■ WHAT TO PRODUCE ■
Output, word for word, the lines of this listing that fall between the line with "line L32 (22.0644, -34.5648)" and the line with "line L40 (27.5197, -30.4011)", counting both of those lines, and no others.

::: AVAILABLE DATA

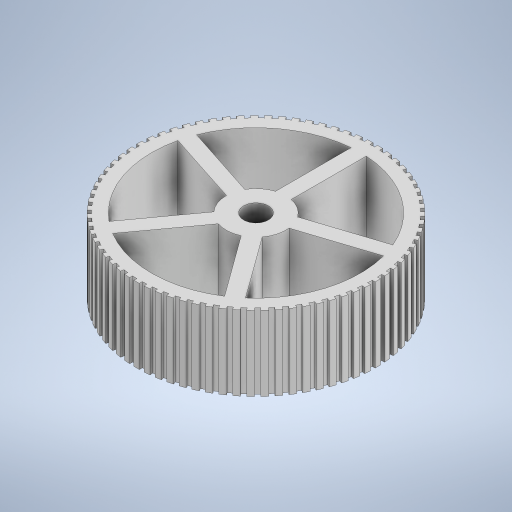
# Autodesk Inventor part: wheel
Saved by Autodesk Inventor 2023 (Build 270158000, 158)
## iProperties
Created: 2022-10-31
Part Number: wheel
Material: Generic
Document SubType Name: Modeling
Designer: neera
Density: 1 g/cm^3
Appearance: Default
Author: neera
Autodesk Inventor part; units mm, degrees
ref_plane "YZ Plane" through (0, 0, 0) normal (1, 0, 0) x (0, 1, 0)
ref_plane "XZ Plane" through (0, 0, 0) normal (0, 1, 0) x (-1, 0, 0)
ref_plane "XY Plane" through (0, 0, 0) normal (0, 0, 1) x (1, 0, 0)
sketch "Sketch1" plane through (0, 0, 0) normal (0, 1, 0) x (-1, 0, 0)
  circle A0 centre (0, 0) radius 40
  dimension "d0" = 80
  constraints: 1 centre point, 1 coincident
  measures "d0" diameter of A0
extrude "Extrusion1" add sketch "Sketch1" along normal blind 25
sketch "Sketch3" plane through (0, 25, 0) normal (0, 1, 0) x (1, 0, 0)
  circle A0 centre (0, 0) radius 35
  line L0 (0, 0) -> (57.5, 0) construction
  circle A1 centre (0, 0) radius 10
  line L1 (2, 9.798) -> (2, 34.9428)
  line L2 (-3, 9.5394) -> (-3, 34.8712)
  line L3 (-8.7004, 4.9298) -> (-32.6146, 12.7)
  line L4 (-9.9996, 0.0947) -> (-34.0915, 7.9226)
  line L5 (-7.3771, -6.7511) -> (-22.1569, -27.0938)
  line L6 (-3.1801, -9.4809) -> (-18.0697, -29.9747)
  line L7 (4.1411, -9.1023) -> (18.9208, -29.4449)
  line L8 (8.0342, -5.9542) -> (22.9238, -26.448)
  line L9 (9.9364, 1.1256) -> (33.8506, 8.8958)
  line L10 (8.1454, 5.801) -> (32.2374, 13.629)
  point P0 (33.8506, 8.8958)
  point P1 (9.9364, 1.1256)
  point P2 (8.0342, -5.9542)
  point P3 (22.9238, -26.448)
  point P4 (4.1411, -9.1023)
  point P5 (-3.1801, -9.4809)
  point P6 (-7.3771, -6.7511)
  point P7 (-9.9996, 0.0947)
  point P8 (-34.0915, 7.9226)
  point P9 (-32.6146, 12.7)
  point P10 (-8.7004, 4.9298)
  point P11 (8.1454, 5.801)
  dimension "d6" = 70
  dimension "d8" = 20
  dimension "d9" = 2
  dimension "d10" = 3
  dimension "d13" = 360
  constraints: 22 end point, 4 point on circle, 2 centre point, 2 coincident, 2 vertical, 1 horizontal, 31 other
  measures "d6" diameter of A0
  measures "d8" diameter of A1
  measures "d9" horizontal distance of point (0, 0) L1.start
  measures "d10" horizontal distance of point (0, 0) L2.start
extrude "Extrusion3" cut sketch "Sketch3" against normal blind 40 contours A0 L8 A1 L9 | L10 A1 L1 A0 | A0 L6 A1 L7 | L2 A1 L3 A0 | A0 L4 A1 L5
sketch "Sketch9" plane through (0, 0, 0) normal (0, -1, 0) x (1, 0, 0)
  line L0 (0.75, -41) -> (-0.75, -41)
  line L1 (-0.75, -41) -> (-0.75, -39)
  line L2 (-0.75, -39) -> (0.75, -39)
  line L3 (0.75, -39) -> (0.75, -41)
  circle A0 centre (0, 0) radius 40 projected
  line L4 (0.75, -41) -> (-0.75, -39) construction
  line L5 (-0.75, -41) -> (0.75, -39) construction
  line L6 (2.5161, -38.926) -> (4.0108, -38.8005)
  line L7 (4.0108, -38.8005) -> (4.1782, -40.7934)
  line L8 (2.6834, -40.919) -> (2.5161, -38.926)
  line L9 (4.1782, -40.7934) -> (2.6834, -40.919)
  line L10 (5.7645, -38.5789) -> (7.2435, -38.3288)
  line L11 (7.2435, -38.3288) -> (7.577, -40.3008)
  line L12 (6.098, -40.5509) -> (5.7645, -38.5789)
  line L13 (7.577, -40.3008) -> (6.098, -40.5509)
  line L14 (8.9725, -37.9613) -> (10.4253, -37.5882)
  line L15 (10.4253, -37.5882) -> (10.9227, -39.5254)
  line L16 (9.4698, -39.8984) -> (8.9725, -37.9613)
  line L17 (10.9227, -39.5254) -> (9.4698, -39.8984)
  line L18 (12.1175, -37.0773) -> (13.5341, -36.584)
  line L19 (13.5341, -36.584) -> (14.1918, -38.4728)
  line L20 (12.7753, -38.9661) -> (12.1175, -37.0773)
  line L21 (14.1918, -38.4728) -> (12.7753, -38.9661)
  line L22 (15.1776, -35.9333) -> (16.5479, -35.3232)
  line L23 (16.5479, -35.3232) -> (17.3614, -37.1503)
  line L24 (15.991, -37.7604) -> (15.1776, -35.9333)
  line L25 (17.3614, -37.1503) -> (15.991, -37.7604)
  line L26 (18.1312, -34.5373) -> (19.4456, -33.8146)
  line L27 (19.4456, -33.8146) -> (20.4091, -35.5673)
  line L28 (19.0947, -36.2899) -> (18.1312, -34.5373)
  line L29 (20.4091, -35.5673) -> (19.0947, -36.2899)
  line L30 (20.9576, -32.899) -> (22.207, -32.0689)
  line L31 (22.207, -32.0689) -> (23.3137, -33.7347)
  line L32 (22.0644, -34.5648) -> (20.9576, -32.899)
  line L33 (23.3137, -33.7347) -> (22.0644, -34.5648)
  line L34 (23.637, -31.0299) -> (24.8125, -30.0982)
  line L35 (24.8125, -30.0982) -> (26.0548, -31.6656)
  line L36 (24.8793, -32.5973) -> (23.637, -31.0299)
  line L37 (26.0548, -31.6656) -> (24.8793, -32.5973)
  line L38 (26.1506, -28.9432) -> (27.2441, -27.9164)
  line L39 (27.2441, -27.9164) -> (28.6132, -29.3743)
  line L40 (27.5197, -30.4011) -> (26.1506, -28.9432)
  line L41 (28.6132, -29.3743) -> (27.5197, -30.4011)
  line L42 (28.4808, -26.6535) -> (29.4845, -25.5387)
  line L43 (29.4845, -25.5387) -> (30.9708, -26.877)
  line L44 (29.9671, -27.9917) -> (28.4808, -26.6535)
  line L45 (30.9708, -26.877) -> (29.9671, -27.9917)
  line L46 (30.6112, -24.1768) -> (31.5181, -22.982)
  line L47 (31.5181, -22.982) -> (33.1112, -24.1912)
  line L48 (32.2043, -25.386) -> (30.6112, -24.1768)
  line L49 (33.1112, -24.1912) -> (32.2043, -25.386)
  line L50 (32.5269, -21.5305) -> (33.3307, -20.264)
  line L51 (33.3307, -20.264) -> (35.0193, -21.3357)
  line L52 (34.2156, -22.6021) -> (32.5269, -21.5305)
  line L53 (35.0193, -21.3357) -> (34.2156, -22.6021)
  line L54 (34.2145, -18.7332) -> (34.9094, -17.4039)
  line L55 (34.9094, -17.4039) -> (36.6818, -18.3305)
  line L56 (35.9869, -19.6598) -> (34.2145, -18.7332)
  line L57 (36.6818, -18.3305) -> (35.9869, -19.6598)
  line L58 (35.662, -15.8045) -> (36.2433, -14.4217)
  line L59 (36.2433, -14.4217) -> (38.087, -15.1967)
  line L60 (37.5058, -16.5795) -> (35.662, -15.8045)
  line L61 (38.087, -15.1967) -> (37.5058, -16.5795)
  line L62 (36.8594, -12.765) -> (37.323, -11.3384)
  line L63 (37.323, -11.3384) -> (39.2251, -11.9564)
  line L64 (38.7616, -13.383) -> (36.8594, -12.765)
  line L65 (39.2251, -11.9564) -> (38.7616, -13.383)
  line L66 (37.7983, -9.6359) -> (38.1408, -8.1755)
  line L67 (38.1408, -8.1755) -> (40.088, -8.6322)
  line L68 (39.7455, -10.0926) -> (37.7983, -9.6359)
  line L69 (40.088, -8.6322) -> (39.7455, -10.0926)
  line L70 (38.4721, -6.4392) -> (38.6912, -4.9553)
  line L71 (38.6912, -4.9553) -> (40.6697, -5.2474)
  line L72 (40.4506, -6.7314) -> (38.4721, -6.4392)
  line L73 (40.6697, -5.2474) -> (40.4506, -6.7314)
  line L74 (38.8759, -3.1974) -> (38.9701, -1.7003)
  line L75 (38.9701, -1.7003) -> (40.9662, -1.8259)
  line L76 (40.872, -3.3229) -> (38.8759, -3.1974)
  line L77 (40.9662, -1.8259) -> (40.872, -3.3229)
  line L78 (39.0072, 0.0669) -> (38.9757, 1.5666)
  line L79 (38.9757, 1.5666) -> (40.9753, 1.6085)
  line L80 (41.0067, 0.1088) -> (39.0072, 0.0669)
  line L81 (40.9753, 1.6085) -> (41.0067, 0.1088)
  line L82 (38.8648, 3.3307) -> (38.708, 4.8225)
  line L83 (38.708, 4.8225) -> (40.697, 5.0316)
  line L84 (40.8538, 3.5398) -> (38.8648, 3.3307)
  line L85 (40.697, 5.0316) -> (40.8538, 3.5398)
  line L86 (38.4497, 6.5712) -> (38.1687, 8.0446)
  line L87 (38.1687, 8.0446) -> (40.1332, 8.4193)
  line L88 (40.4143, 6.9459) -> (38.4497, 6.5712)
  line L89 (40.1332, 8.4193) -> (40.4143, 6.9459)
  line L90 (37.765, 9.7655) -> (37.3617, 11.2102)
  line L91 (37.3617, 11.2102) -> (39.288, 11.7481)
  line L92 (39.6914, 10.3033) -> (37.765, 9.7655)
  line L93 (39.288, 11.7481) -> (39.6914, 10.3033)
  line L94 (36.8154, 12.8913) -> (36.2926, 14.2973)
  line L95 (36.2926, 14.2973) -> (38.1671, 14.9944)
  line L96 (38.69, 13.5885) -> (36.8154, 12.8913)
  line L97 (38.1671, 14.9944) -> (38.69, 13.5885)
  line L98 (35.6076, 15.9268) -> (34.9689, 17.284)
  line L99 (34.9689, 17.284) -> (36.7786, 18.1356)
  line L100 (37.4172, 16.7783) -> (35.6076, 15.9268)
  line L101 (36.7786, 18.1356) -> (37.4172, 16.7783)
  line L102 (34.15, 18.8505) -> (33.4, 20.1495)
  line L103 (33.4, 20.1495) -> (35.132, 21.1495)
  line L104 (35.882, 19.8505) -> (34.15, 18.8505)
  line L105 (35.132, 21.1495) -> (35.882, 19.8505)
  line L106 (32.4529, 21.642) -> (31.5968, 22.8737)
  line L107 (31.5968, 22.8737) -> (33.2391, 24.0151)
  line L108 (34.0952, 22.7834) -> (32.4529, 21.642)
  line L109 (33.2391, 24.0151) -> (34.0952, 22.7834)
  line L110 (30.5281, 24.2817) -> (29.5719, 25.4374)
  line L111 (29.5719, 25.4374) -> (31.113, 26.7123)
  line L112 (32.0691, 25.5565) -> (30.5281, 24.2817)
  line L113 (31.113, 26.7123) -> (32.0691, 25.5565)
  line L114 (28.3892, 26.751) -> (27.3397, 27.8227)
  line L115 (27.3397, 27.8227) -> (28.7686, 29.2221)
  line L116 (29.8181, 28.1503) -> (28.3892, 26.751)
  line L117 (28.7686, 29.2221) -> (29.8181, 28.1503)
  line L118 (26.0511, 29.0327) -> (24.9157, 30.0129)
  line L119 (24.9157, 30.0129) -> (26.2225, 31.5269)
  line L120 (27.358, 30.5467) -> (26.0511, 29.0327)
  line L121 (26.2225, 31.5269) -> (27.358, 30.5467)
  line L122 (23.5304, 31.1108) -> (22.3169, 31.9925)
  line L123 (22.3169, 31.9925) -> (23.4924, 33.6105)
  line L124 (24.706, 32.7289) -> (23.5304, 31.1108)
  line L125 (23.4924, 33.6105) -> (24.706, 32.7289)
  line L126 (20.8446, 32.9707) -> (19.5615, 33.7477)
  line L127 (19.5615, 33.7477) -> (20.5976, 35.4585)
  line L128 (21.8806, 34.6814) -> (20.8446, 32.9707)
  line L129 (20.5976, 35.4585) -> (21.8806, 34.6814)
  line L130 (18.0126, 34.5993) -> (16.669, 35.2662)
  line L131 (16.669, 35.2662) -> (17.5583, 37.0577)
  line L132 (18.9018, 36.3907) -> (18.0126, 34.5993)
  line L133 (17.5583, 37.0577) -> (18.9018, 36.3907)
  line L134 (15.0542, 35.9852) -> (13.6595, 36.5374)
  line L135 (13.6595, 36.5374) -> (14.3958, 38.3969)
  line L136 (15.7904, 37.8447) -> (15.0542, 35.9852)
  line L137 (14.3958, 38.3969) -> (15.7904, 37.8447)
  line L138 (11.9902, 37.1187) -> (10.5543, 37.5522)
  line L139 (10.5543, 37.5522) -> (11.1323, 39.4669)
  line L140 (12.5683, 39.0333) -> (11.9902, 37.1187)
  line L141 (11.1323, 39.4669) -> (12.5683, 39.0333)
  line L142 (8.8422, 37.9918) -> (7.3749, 38.3037)
  line L143 (7.3749, 38.3037) -> (7.7908, 40.26)
  line L144 (9.258, 39.9481) -> (8.8422, 37.9918)
  line L145 (7.7908, 40.26) -> (9.258, 39.9481)
  line L146 (5.6321, 38.5985) -> (4.1439, 38.7865)
  line L147 (4.1439, 38.7865) -> (4.3946, 40.7707)
  line L148 (5.8827, 40.5827) -> (5.6321, 38.5985)
  line L149 (4.3946, 40.7707) -> (5.8827, 40.5827)
  line L150 (2.3825, 38.9344) -> (0.8838, 38.9972)
  line L151 (0.8838, 38.9972) -> (0.9676, 40.9954)
  line L152 (2.4662, 40.9326) -> (2.3825, 38.9344)
  line L153 (0.9676, 40.9954) -> (2.4662, 40.9326)
  line L154 (-0.8838, 38.9972) -> (-2.3825, 38.9344)
  line L155 (-2.3825, 38.9344) -> (-2.4662, 40.9326)
  line L156 (-0.9676, 40.9954) -> (-0.8838, 38.9972)
  line L157 (-2.4662, 40.9326) -> (-0.9676, 40.9954)
  line L158 (-4.1439, 38.7865) -> (-5.6321, 38.5985)
  line L159 (-5.6321, 38.5985) -> (-5.8827, 40.5827)
  line L160 (-4.3946, 40.7707) -> (-4.1439, 38.7865)
  line L161 (-5.8827, 40.5827) -> (-4.3946, 40.7707)
  line L162 (-7.3749, 38.3037) -> (-8.8422, 37.9918)
  line L163 (-8.8422, 37.9918) -> (-9.258, 39.9481)
  line L164 (-7.7908, 40.26) -> (-7.3749, 38.3037)
  line L165 (-9.258, 39.9481) -> (-7.7908, 40.26)
  line L166 (-10.5543, 37.5522) -> (-11.9902, 37.1187)
  line L167 (-11.9902, 37.1187) -> (-12.5683, 39.0333)
  line L168 (-11.1323, 39.4669) -> (-10.5543, 37.5522)
  line L169 (-12.5683, 39.0333) -> (-11.1323, 39.4669)
  line L170 (-13.6595, 36.5374) -> (-15.0542, 35.9852)
  line L171 (-15.0542, 35.9852) -> (-15.7904, 37.8447)
  line L172 (-14.3958, 38.3969) -> (-13.6595, 36.5374)
  line L173 (-15.7904, 37.8447) -> (-14.3958, 38.3969)
  line L174 (-16.669, 35.2662) -> (-18.0126, 34.5993)
  line L175 (-18.0126, 34.5993) -> (-18.9018, 36.3907)
  line L176 (-17.5583, 37.0577) -> (-16.669, 35.2662)
  line L177 (-18.9018, 36.3907) -> (-17.5583, 37.0577)
  line L178 (-19.5615, 33.7477) -> (-20.8446, 32.9707)
  line L179 (-20.8446, 32.9707) -> (-21.8806, 34.6814)
  line L180 (-20.5976, 35.4585) -> (-19.5615, 33.7477)
  line L181 (-21.8806, 34.6814) -> (-20.5976, 35.4585)
  line L182 (-22.3169, 31.9925) -> (-23.5304, 31.1108)
  line L183 (-23.5304, 31.1108) -> (-24.706, 32.7289)
  line L184 (-23.4924, 33.6105) -> (-22.3169, 31.9925)
  line L185 (-24.706, 32.7289) -> (-23.4924, 33.6105)
  line L186 (-24.9157, 30.0129) -> (-26.0511, 29.0327)
  line L187 (-26.0511, 29.0327) -> (-27.358, 30.5467)
  line L188 (-26.2225, 31.5269) -> (-24.9157, 30.0129)
  line L189 (-27.358, 30.5467) -> (-26.2225, 31.5269)
  line L190 (-27.3397, 27.8227) -> (-28.3892, 26.751)
  line L191 (-28.3892, 26.751) -> (-29.8181, 28.1503)
  line L192 (-28.7686, 29.2221) -> (-27.3397, 27.8227)
  line L193 (-29.8181, 28.1503) -> (-28.7686, 29.2221)
  line L194 (-29.5719, 25.4374) -> (-30.5281, 24.2817)
  line L195 (-30.5281, 24.2817) -> (-32.0691, 25.5565)
  line L196 (-31.113, 26.7123) -> (-29.5719, 25.4374)
  line L197 (-32.0691, 25.5565) -> (-31.113, 26.7123)
  line L198 (-31.5968, 22.8737) -> (-32.4529, 21.642)
  line L199 (-32.4529, 21.642) -> (-34.0952, 22.7834)
  line L200 (-33.2391, 24.0151) -> (-31.5968, 22.8737)
  line L201 (-34.0952, 22.7834) -> (-33.2391, 24.0151)
  line L202 (-33.4, 20.1495) -> (-34.15, 18.8505)
  line L203 (-34.15, 18.8505) -> (-35.882, 19.8505)
  line L204 (-35.132, 21.1495) -> (-33.4, 20.1495)
  line L205 (-35.882, 19.8505) -> (-35.132, 21.1495)
  line L206 (-34.9689, 17.284) -> (-35.6076, 15.9268)
  line L207 (-35.6076, 15.9268) -> (-37.4172, 16.7783)
  line L208 (-36.7786, 18.1356) -> (-34.9689, 17.284)
  line L209 (-37.4172, 16.7783) -> (-36.7786, 18.1356)
  line L210 (-36.2926, 14.2973) -> (-36.8154, 12.8913)
  line L211 (-36.8154, 12.8913) -> (-38.69, 13.5885)
  line L212 (-38.1671, 14.9944) -> (-36.2926, 14.2973)
  line L213 (-38.69, 13.5885) -> (-38.1671, 14.9944)
  line L214 (-37.3617, 11.2102) -> (-37.765, 9.7655)
  line L215 (-37.765, 9.7655) -> (-39.6914, 10.3033)
  line L216 (-39.288, 11.7481) -> (-37.3617, 11.2102)
  line L217 (-39.6914, 10.3033) -> (-39.288, 11.7481)
  line L218 (-38.1687, 8.0446) -> (-38.4497, 6.5712)
  line L219 (-38.4497, 6.5712) -> (-40.4143, 6.9459)
  line L220 (-40.1332, 8.4193) -> (-38.1687, 8.0446)
  line L221 (-40.4143, 6.9459) -> (-40.1332, 8.4193)
  line L222 (-38.708, 4.8225) -> (-38.8648, 3.3307)
  line L223 (-38.8648, 3.3307) -> (-40.8538, 3.5398)
  line L224 (-40.697, 5.0316) -> (-38.708, 4.8225)
  line L225 (-40.8538, 3.5398) -> (-40.697, 5.0316)
  line L226 (-38.9757, 1.5666) -> (-39.0072, 0.0669)
  line L227 (-39.0072, 0.0669) -> (-41.0067, 0.1088)
  line L228 (-40.9753, 1.6085) -> (-38.9757, 1.5666)
  line L229 (-41.0067, 0.1088) -> (-40.9753, 1.6085)
  line L230 (-38.9701, -1.7003) -> (-38.8759, -3.1974)
  line L231 (-38.8759, -3.1974) -> (-40.872, -3.3229)
  line L232 (-40.9662, -1.8259) -> (-38.9701, -1.7003)
  line L233 (-40.872, -3.3229) -> (-40.9662, -1.8259)
  line L234 (-38.6912, -4.9553) -> (-38.4721, -6.4392)
  line L235 (-38.4721, -6.4392) -> (-40.4506, -6.7314)
  line L236 (-40.6697, -5.2474) -> (-38.6912, -4.9553)
  line L237 (-40.4506, -6.7314) -> (-40.6697, -5.2474)
  line L238 (-38.1408, -8.1755) -> (-37.7983, -9.6359)
  line L239 (-37.7983, -9.6359) -> (-39.7455, -10.0926)
  line L240 (-40.088, -8.6322) -> (-38.1408, -8.1755)
  line L241 (-39.7455, -10.0926) -> (-40.088, -8.6322)
  line L242 (-37.323, -11.3384) -> (-36.8594, -12.765)
  line L243 (-36.8594, -12.765) -> (-38.7616, -13.383)
  line L244 (-39.2251, -11.9564) -> (-37.323, -11.3384)
  line L245 (-38.7616, -13.383) -> (-39.2251, -11.9564)
  line L246 (-36.2433, -14.4217) -> (-35.662, -15.8045)
  line L247 (-35.662, -15.8045) -> (-37.5058, -16.5795)
  line L248 (-38.087, -15.1967) -> (-36.2433, -14.4217)
  line L249 (-37.5058, -16.5795) -> (-38.087, -15.1967)
  line L250 (-34.9094, -17.4039) -> (-34.2145, -18.7332)
  line L251 (-34.2145, -18.7332) -> (-35.9869, -19.6598)
  line L252 (-36.6818, -18.3305) -> (-34.9094, -17.4039)
  line L253 (-35.9869, -19.6598) -> (-36.6818, -18.3305)
  line L254 (-33.3307, -20.264) -> (-32.5269, -21.5305)
  line L255 (-32.5269, -21.5305) -> (-34.2156, -22.6021)
  line L256 (-35.0193, -21.3357) -> (-33.3307, -20.264)
  line L257 (-34.2156, -22.6021) -> (-35.0193, -21.3357)
  line L258 (-31.5181, -22.982) -> (-30.6112, -24.1768)
  line L259 (-30.6112, -24.1768) -> (-32.2043, -25.386)
  line L260 (-33.1112, -24.1912) -> (-31.5181, -22.982)
  line L261 (-32.2043, -25.386) -> (-33.1112, -24.1912)
  line L262 (-29.4845, -25.5387) -> (-28.4808, -26.6535)
  line L263 (-28.4808, -26.6535) -> (-29.9671, -27.9917)
  line L264 (-30.9708, -26.877) -> (-29.4845, -25.5387)
  line L265 (-29.9671, -27.9917) -> (-30.9708, -26.877)
  line L266 (-27.2441, -27.9164) -> (-26.1506, -28.9432)
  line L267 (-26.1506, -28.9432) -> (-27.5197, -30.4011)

::::::

■ RESPONSE BOX ■
  line L32 (22.0644, -34.5648) -> (20.9576, -32.899)
  line L33 (23.3137, -33.7347) -> (22.0644, -34.5648)
  line L34 (23.637, -31.0299) -> (24.8125, -30.0982)
  line L35 (24.8125, -30.0982) -> (26.0548, -31.6656)
  line L36 (24.8793, -32.5973) -> (23.637, -31.0299)
  line L37 (26.0548, -31.6656) -> (24.8793, -32.5973)
  line L38 (26.1506, -28.9432) -> (27.2441, -27.9164)
  line L39 (27.2441, -27.9164) -> (28.6132, -29.3743)
  line L40 (27.5197, -30.4011) -> (26.1506, -28.9432)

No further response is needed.